Okay, millions of people would have already been in this situation and made it through and i'm sure this question reaches them and they answer this. 
I currently work in an US based MNC in India as a mechanical engineer (More than 4 years experience). the domain in which i work and the work i do is very much required in many companies in Singapore. I see lot of new jobs posted in Singapore job portals every day looking for people exactly like me. I've been applying but not even a single call yet  (I started applying 2 week ago). So do i have to keep applying for jobs and wait till some one come back? what will be normal response time for EAs or companies to respond. Is it recommended to visit Singapore for a couple of weeks and search for a job or am i doing it right by searching from India sitting in my room? can any one suggest some best known methods?

:fingerscrossed:lane:


----------



## simonsays (Feb 11, 2009)

saikumark said:


> Okay, millions of people would have already been in this situation and made it through and i'm sure this question reaches them and they answer this.l


Well, the same question has been asked too many times and discussed a lot, in this forum.

Take your time and read through the past posts, before asking specific questions, if may say so.


----------



## saikumark (Nov 2, 2015)

simonsays said:


> Well, the same question has been asked too many times and discussed a lot, in this forum.
> 
> Take your time and read through the past posts, before asking specific questions, if may say so.
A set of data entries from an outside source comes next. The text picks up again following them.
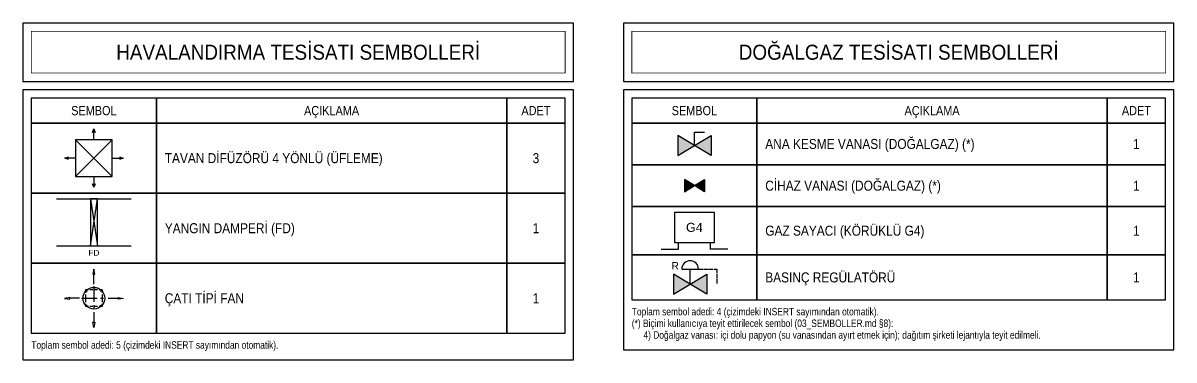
# Model space of a CAD drawing. Header units: centimetres. Extents: x 0 to 5366, y -611 to 559.
# Drawn here: x 3986 to 5366, y 19 to 423 of the extents above; entities that cross this region are included whole.
import ezdxf
from ezdxf.enums import TextEntityAlignment as Align

# ---------------------------------------------------------------- set-up
doc = ezdxf.new("R2010")
doc.units = ezdxf.units.CM
for name, pattern in [('CENTER', [5.08, 3.175, -0.635, 0.635, -0.635]), ('DASHED', [1.524, 1.27, -0.254]), ('HIDDEN2', [0.1875, 0.125, -0.0625])]:
    doc.linetypes.add(name, pattern=pattern)
for name, color, linetype in [('ROTAS-DOGALGAZ-SEMBOL', 2, 'Continuous'), ('ROTAS-HAVALANDIRMA-SEMBOL', 4, 'Continuous'), ('ROTAS-LEJANT-BASLIK', 5, 'Continuous'), ('ROTAS-LEJANT-CERCEVE', 7, 'Continuous'), ('ROTAS-LEJANT-YAZI', 7, 'Continuous')]:
    doc.layers.add(name, color=color, linetype=linetype)
doc.styles.add('ROTAS', font='arial.ttf')

# ---------------------------------------------------------------- blocks, each defined once
blk = doc.blocks.new('ROTAS-DIFUZOR-4')
for p, q in [((0, 30), (0, 48)), ((-30, -30), (30, 30)), ((-30, 30), (30, -30)), ((-30, 0), (-48, 0)), ((30, 0), (48, 0)), ((0, -30), (0, -48))]:
    blk.add_line(p, q)
for points in [[(-2.1, 42), (0, 48), (2.1, 42)], [(-42, -2.1), (-48, 0), (-42, 2.1)], [(42, 2.1), (48, 0), (42, -2.1)], [(2.1, -42), (0, -48), (-2.1, -42)]]:
    blk.add_lwpolyline(points)
blk.add_lwpolyline([(-30, -30), (30, -30), (30, 30), (-30, 30)], close=True)
blk = doc.blocks.new('ROTAS-YANGIN-DAMPERI')
for p, q in [((-32, 20), (32, 20)), ((-3, -20), (3, 20)), ((-3, 20), (3, -20)), ((-32, -20), (32, -20))]:
    blk.add_line(p, q)
blk.add_lwpolyline([(-3, -20), (3, -20), (3, 20), (-3, 20)], close=True)
at = {"style": 'ROTAS'}
blk.add_text('FD', height=5, dxfattribs=at).set_placement((0, -26), align=Align.MIDDLE_CENTER)
blk = doc.blocks.new('MTY-ÇATI TİPİ FAN0')
at = {"color": 5, "ltscale": 50}
for p, q in [((16.7, 59), (14.8, 48.4)), ((14.8, 48.4), (18.6, 48.4)), ((18.6, 48.4), (16.7, 59)), ((16.9, 28.4), (16.9, 48.4)), ((-32, 1.7), (-42.6, -0.2)), ((-32, -2.1), (-32, 1.7)), ((-12, 0), (-32, 0)), ((45.8, 0), (65.8, 0)), ((65.8, 1.7), (76.4, -0.2)), ((65.8, -2.1), (65.8, 1.7)), ((-42.6, -0.2), (-32, -2.1)), ((76.4, -0.2), (65.8, -2.1)), ((16.9, -28.4), (16.9, -48.4)), ((16.7, -59), (14.8, -48.4)), ((14.8, -48.4), (18.6, -48.4)), ((18.6, -48.4), (16.7, -59))]:
    blk.add_line(p, q, dxfattribs=at)
at = {"color": 1, "linetype": 'Center', "ltscale": 10}
for p, q in [((16.9, 24.4), (16.9, -24.4)), ((-8.1, 0), (41.9, 0))]:
    blk.add_line(p, q, dxfattribs=at)
at = {"color": 2, "linetype": 'HIDDEN2', "ltscale": 50}
for p, q in [((33.8, 16.9), (0, 16.9)), ((0, 16.9), (0, -16.9)), ((33.8, 16.9), (33.8, -16.9)), ((33.8, -16.9), (0, -16.9))]:
    blk.add_line(p, q, dxfattribs=at)
at = {"color": 5, "ltscale": 50}
blk.add_circle((16.9, 0), 21.9, dxfattribs=at)
at = {"color": 1, "ltscale": 50}
for centre in [(2.4, 14.5), (31.4, 14.5), (2.4, -14.5), (31.4, -14.5)]:
    blk.add_circle(centre, 0.679, dxfattribs=at)
blk = doc.blocks.new('MTY-ÇATI TİPİ FAN')
blk.add_blockref('MTY-ÇATI TİPİ FAN0', (0, 0))
blk = doc.blocks.new('ROTAS-GAZ-KESME-VANASI')
for points in [[(-10, 6), (-10, -6), (0, 0)], [(10, 6), (10, -6), (0, 0)]]:
    blk.add_hatch(color=7).paths.add_polyline_path(points)
for p, q in [((0, 0), (0, 8)), ((0, 8), (6, 8))]:
    blk.add_line(p, q)
for points in [[(-10, 6), (-10, -6), (0, 0)], [(10, 6), (10, -6), (0, 0)]]:
    blk.add_lwpolyline(points, close=True)
at = {"style": 'ROTAS'}
blk.add_attdef('NO', text='', height=6, dxfattribs=at).set_placement((0, 12), align=Align.BOTTOM_CENTER)
blk = doc.blocks.new('ROTAS-GAZ-CIHAZ-VANASI')
for points in [[(-6, 3.6), (-6, -3.6), (0, 0)], [(6, 3.6), (6, -3.6), (0, 0)]]:
    blk.add_hatch(color=7).paths.add_polyline_path(points)
for points in [[(-6, 3.6), (-6, -3.6), (0, 0)], [(6, 3.6), (6, -3.6), (0, 0)]]:
    blk.add_lwpolyline(points, close=True)
blk = doc.blocks.new('ROTAS-GAZ-SAYACI')
blk.add_lwpolyline([(-12, 4), (12, 4), (12, 22), (-12, 22)], close=True)
for points in [[(-20, 0), (-9.6, 0), (-9.6, 4)], [(20, 0), (9.6, 0), (9.6, 4)]]:
    blk.add_lwpolyline(points)
at = {"style": 'ROTAS'}
blk.add_text('G4', height=5.4, dxfattribs=at).set_placement((0, 13), align=Align.MIDDLE_CENTER)
blk.add_attdef('NO', text='', height=6, dxfattribs=at).set_placement((0, 25), align=Align.BOTTOM_CENTER)
blk = doc.blocks.new('ROTAS-REGULATOR')
for points in [[(-10, 6), (-10, -6), (0, 0)], [(10, 6), (10, -6), (0, 0)]]:
    blk.add_hatch(color=7).paths.add_polyline_path(points)
for p, q in [((-5, 9), (5, 9)), ((0, 0), (0, 9))]:
    blk.add_line(p, q)
at = {"linetype": 'DASHED', "ltscale": 2}
blk.add_lwpolyline([(5, 9), (16, 9), (16, 0)], dxfattribs=at)
for points in [[(-10, 6), (-10, -6), (0, 0)], [(10, 6), (10, -6), (0, 0)]]:
    blk.add_lwpolyline(points, close=True)
blk.add_arc((0, 9), 5, 0, 180)
at = {"style": 'ROTAS'}
blk.add_text('R', height=4.4, dxfattribs=at).set_placement((-9, 11), align=Align.MIDDLE_CENTER)
blk.add_attdef('NO', text='', height=6, dxfattribs=at).set_placement((0, 18), align=Align.BOTTOM_CENTER)

msp = doc.modelspace()

# ---------------------------------------------------------------- linework, layer by layer
at = {"layer": 'ROTAS-LEJANT-CERCEVE'}
for points in [[(3986.4, 353), (4646.4, 353), (4646.4, 423), (3986.4, 423)], [(4706.4, 353), (5366.4, 353), (5366.4, 423), (4706.4, 423)], [(3986.4, 19), (4646.4, 19), (4646.4, 343), (3986.4, 343)], [(3996.4, 303), (4146.4, 303), (4146.4, 333), (3996.4, 333)], [(4146.4, 303), (4566.4, 303), (4566.4, 333), (4146.4, 333)], [(4566.4, 303), (4636.4, 303), (4636.4, 333), (4566.4, 333)], [(4706.4, 31), (5366.4, 31), (5366.4, 343), (4706.4, 343)], [(4716.4, 303), (4866.4, 303), (4866.4, 333), (4716.4, 333)], [(4866.4, 303), (5286.4, 303), (5286.4, 333), (4866.4, 333)], [(5286.4, 303), (5356.4, 303), (5356.4, 333), (5286.4, 333)], [(3996.4, 219), (4146.4, 219), (4146.4, 303), (3996.4, 303)], [(4146.4, 219), (4566.4, 219), (4566.4, 303), (4146.4, 303)], [(4566.4, 219), (4636.4, 219), (4636.4, 303), (4566.4, 303)], [(4716.4, 253), (4866.4, 253), (4866.4, 303), (4716.4, 303)], [(4866.4, 253), (5286.4, 253), (5286.4, 303), (4866.4, 303)], [(5286.4, 253), (5356.4, 253), (5356.4, 303), (5286.4, 303)], [(4716.4, 203), (4866.4, 203), (4866.4, 253), (4716.4, 253)], [(4866.4, 203), (5286.4, 203), (5286.4, 253), (4866.4, 253)], [(5286.4, 203), (5356.4, 203), (5356.4, 253), (5286.4, 253)], [(3996.4, 135), (4146.4, 135), (4146.4, 219), (3996.4, 219)], [(4146.4, 135), (4566.4, 135), (4566.4, 219), (4146.4, 219)], [(4566.4, 135), (4636.4, 135), (4636.4, 219), (4566.4, 219)], [(4716.4, 145), (4866.4, 145), (4866.4, 203), (4716.4, 203)], [(4866.4, 145), (5286.4, 145), (5286.4, 203), (4866.4, 203)], [(5286.4, 145), (5356.4, 145), (5356.4, 203), (5286.4, 203)], [(4716.4, 91), (4866.4, 91), (4866.4, 145), (4716.4, 145)], [(4866.4, 91), (5286.4, 91), (5286.4, 145), (4866.4, 145)], [(5286.4, 91), (5356.4, 91), (5356.4, 145), (5286.4, 145)], [(3996.4, 51), (4146.4, 51), (4146.4, 135), (3996.4, 135)], [(4146.4, 51), (4566.4, 51), (4566.4, 135), (4146.4, 135)], [(4566.4, 51), (4636.4, 51), (4636.4, 135), (4566.4, 135)]]:
    msp.add_lwpolyline(points, close=True, dxfattribs=at)
at = {"layer": 'ROTAS-LEJANT-CERCEVE', "const_width": 1}
for points in [[(3996.4, 363), (4636.4, 363), (4636.4, 413), (3996.4, 413)], [(4716.4, 363), (5356.4, 363), (5356.4, 413), (4716.4, 413)]]:
    msp.add_lwpolyline(points, close=True, dxfattribs=at)

# ---------------------------------------------------------------- block references
at = {"layer": 'ROTAS-DOGALGAZ-SEMBOL', "xscale": 2, "yscale": 2}
for name, p in [('ROTAS-GAZ-KESME-VANASI', (4791.4, 276)), ('ROTAS-GAZ-CIHAZ-VANASI', (4791.4, 228)), ('ROTAS-GAZ-SAYACI', (4791.4, 152)), ('ROTAS-REGULATOR', (4786.3, 110))]:
    msp.add_blockref(name, p, dxfattribs=at)
at = {"layer": 'ROTAS-HAVALANDIRMA-SEMBOL'}
for name, p, xscale, yscale in [('ROTAS-DIFUZOR-4', (4071.4, 261), 0.7291666666666666, 0.7291666666666666), ('ROTAS-YANGIN-DAMPERI', (4071.4, 184), 1.4020566001032995, 1.4020566001032995), ('MTY-ÇATI TİPİ FAN', (4061.4, 93), 0.5933054304083581, 0.5933054304083581)]:
    msp.add_blockref(name, p, dxfattribs=dict(at, xscale=xscale, yscale=yscale))

# ---------------------------------------------------------------- texts
at = {"layer": 'ROTAS-LEJANT-BASLIK', "style": 'ROTAS', "width": 0.9}
for s, p in [('HAVALANDIRMA TESİSATI SEMBOLLERİ', (4316.4, 388)), ('DOĞALGAZ TESİSATI SEMBOLLERİ', (5036.4, 388))]:
    msp.add_text(s, height=18, dxfattribs=at).set_placement(p, align=Align.MIDDLE_CENTER)
at = {"layer": 'ROTAS-LEJANT-YAZI', "style": 'ROTAS', "width": 0.85}
for s, height, p in [('SEMBOL', 11, (4071.4, 318)), ('AÇIKLAMA', 11, (4356.4, 318)), ('ADET', 11, (4601.4, 318)), ('SEMBOL', 11, (4791.4, 318)), ('AÇIKLAMA', 11, (5076.4, 318)), ('ADET', 11, (5321.4, 318)), ('1', 12, (5321.4, 278)), ('3', 12, (4601.4, 261)), ('1', 12, (5321.4, 228)), ('1', 12, (4601.4, 177)), ('1', 12, (5321.4, 174)), ('1', 12, (5321.4, 118)), ('1', 12, (4601.4, 93))]:
    msp.add_text(s, height=height, dxfattribs=at).set_placement(p, align=Align.MIDDLE_CENTER)
at = {"layer": 'ROTAS-LEJANT-YAZI', "style": 'ROTAS'}
for s, height, width, p in [('ANA KESME VANASI (DOĞALGAZ) (*)', 12, 0.85, (4876.4, 278)), ('TAVAN DİFÜZÖRÜ 4 YÖNLÜ (ÜFLEME)', 12, 0.85, (4156.4, 261)), ('CİHAZ VANASI (DOĞALGAZ) (*)', 12, 0.85, (4876.4, 228)), ('YANGIN DAMPERİ (FD)', 12, 0.85, (4156.4, 177)), ('GAZ SAYACI (KÖRÜKLÜ G4)', 12, 0.85, (4876.4, 174)), ('BASINÇ REGÜLATÖRÜ', 12, 0.85, (4876.4, 118)), ('ÇATI TİPİ FAN', 12, 0.85, (4156.4, 93)), ('Toplam sembol adedi: 4 (çizimdeki INSERT sayımından otomatik).', 9, 0.8, (4716.4, 77)), ('(*) Biçimi kullanıcıya teyit ettirilecek sembol (03_SEMBOLLER.md §8):', 9, 0.8, (4716.4, 63)), ('Toplam sembol adedi: 5 (çizimdeki INSERT sayımından otomatik).', 9, 0.8, (3996.4, 37)), ('     4) Doğalgaz vanası: içi dolu papyon (su vanasından ayırt etmek için); dağıtım şirketi lejantıyla teyit edilmeli.', 9, 0.8, (4716.4, 49))]:
    msp.add_text(s, height=height, dxfattribs=dict(at, width=width)).set_placement(p, align=Align.MIDDLE_LEFT)

doc.saveas('drawing.dxf')

Firstly thanks for the response mate, I gone through all the related questions in the website for the past couple of days and to my surprise i got lot of my doubts clarified. 
Here i have some specific questions 

I've applied for so many jobs which exactly suits to my profile for the past 2 weeks and no one responded yet. so, where did i go wrong? how to attract Singapore recruiters to my profile ? is there any online based tool to asses my resume?

Hoping a response.


----------



## simonsays (Feb 11, 2009)

saikumark said:


> I've applied for so many jobs which exactly suits to my profile for the past 2 weeks and no one responded yet. so, where did i go wrong? how to attract Singapore recruiters to my profile ? is there any online based tool to asses my resume?


A quick reply ?

You are not attracting attention because:
a) You are asking too much
b) There is no job to suit your profile
c) Employers don't want you
d) You have to sell yourself better

That applies for any job I guess.

And you know, for Singapore companies to employ foreigners, there is a new rule that the job description and pay scale must be advertised on a local only web site, and only upon failing to get sufficient response can employers resort to employing a foreigner.


----------



## saikumark (Nov 2, 2015)

simonsays said:


> A quick reply ?
> 
> You are not attracting attention because:
> a) You are asking too much
> ...


Okay, on a scale of 0-5 how much do you recommend, me going to Singapore on a visit visa and searching for a job. say for a month in Singapore. is that any different from applying online sitting in India?


----------



## simonsays (Feb 11, 2009)

saikumark said:


> Okay, on a scale of 0-5 how much do you recommend, me going to Singapore on a visit visa and searching for a job. say for a month in Singapore. is that any different from applying online sitting in India?


If you are not good in your sales skills, 1.

If you are good in marketing yourself, 4.

Being in Singapore is the difference between 0 and 1, if you have no marketable skills.

Is it any different from applying from India ?

If you are good, employers will grab you, do everything by Skype, pay you relocation allowance, and flight tickets etc etc.

If not good enough, it's no comments.

Are you expecting me to do career coaching now ?


----------



## Laurahadin (Dec 4, 2015)

I wouldn't come unless you have meetings you can arrange beforehand. This city is very, very competitive for foreigners and I've seen more people have to look elsewhere than find a spot here. They will examine your application, just keep working on it and if you speak with someone, let them know you're keen to visit. Otherwise, I'm afraid chances are you're wasting you're time and money.


----------



## simonsays (Feb 11, 2009)

Laurahadin said:


> This city is very, very competitive for foreigners and I've seen more people have to look elsewhere than find a spot here.


I totally agree to the above.


----------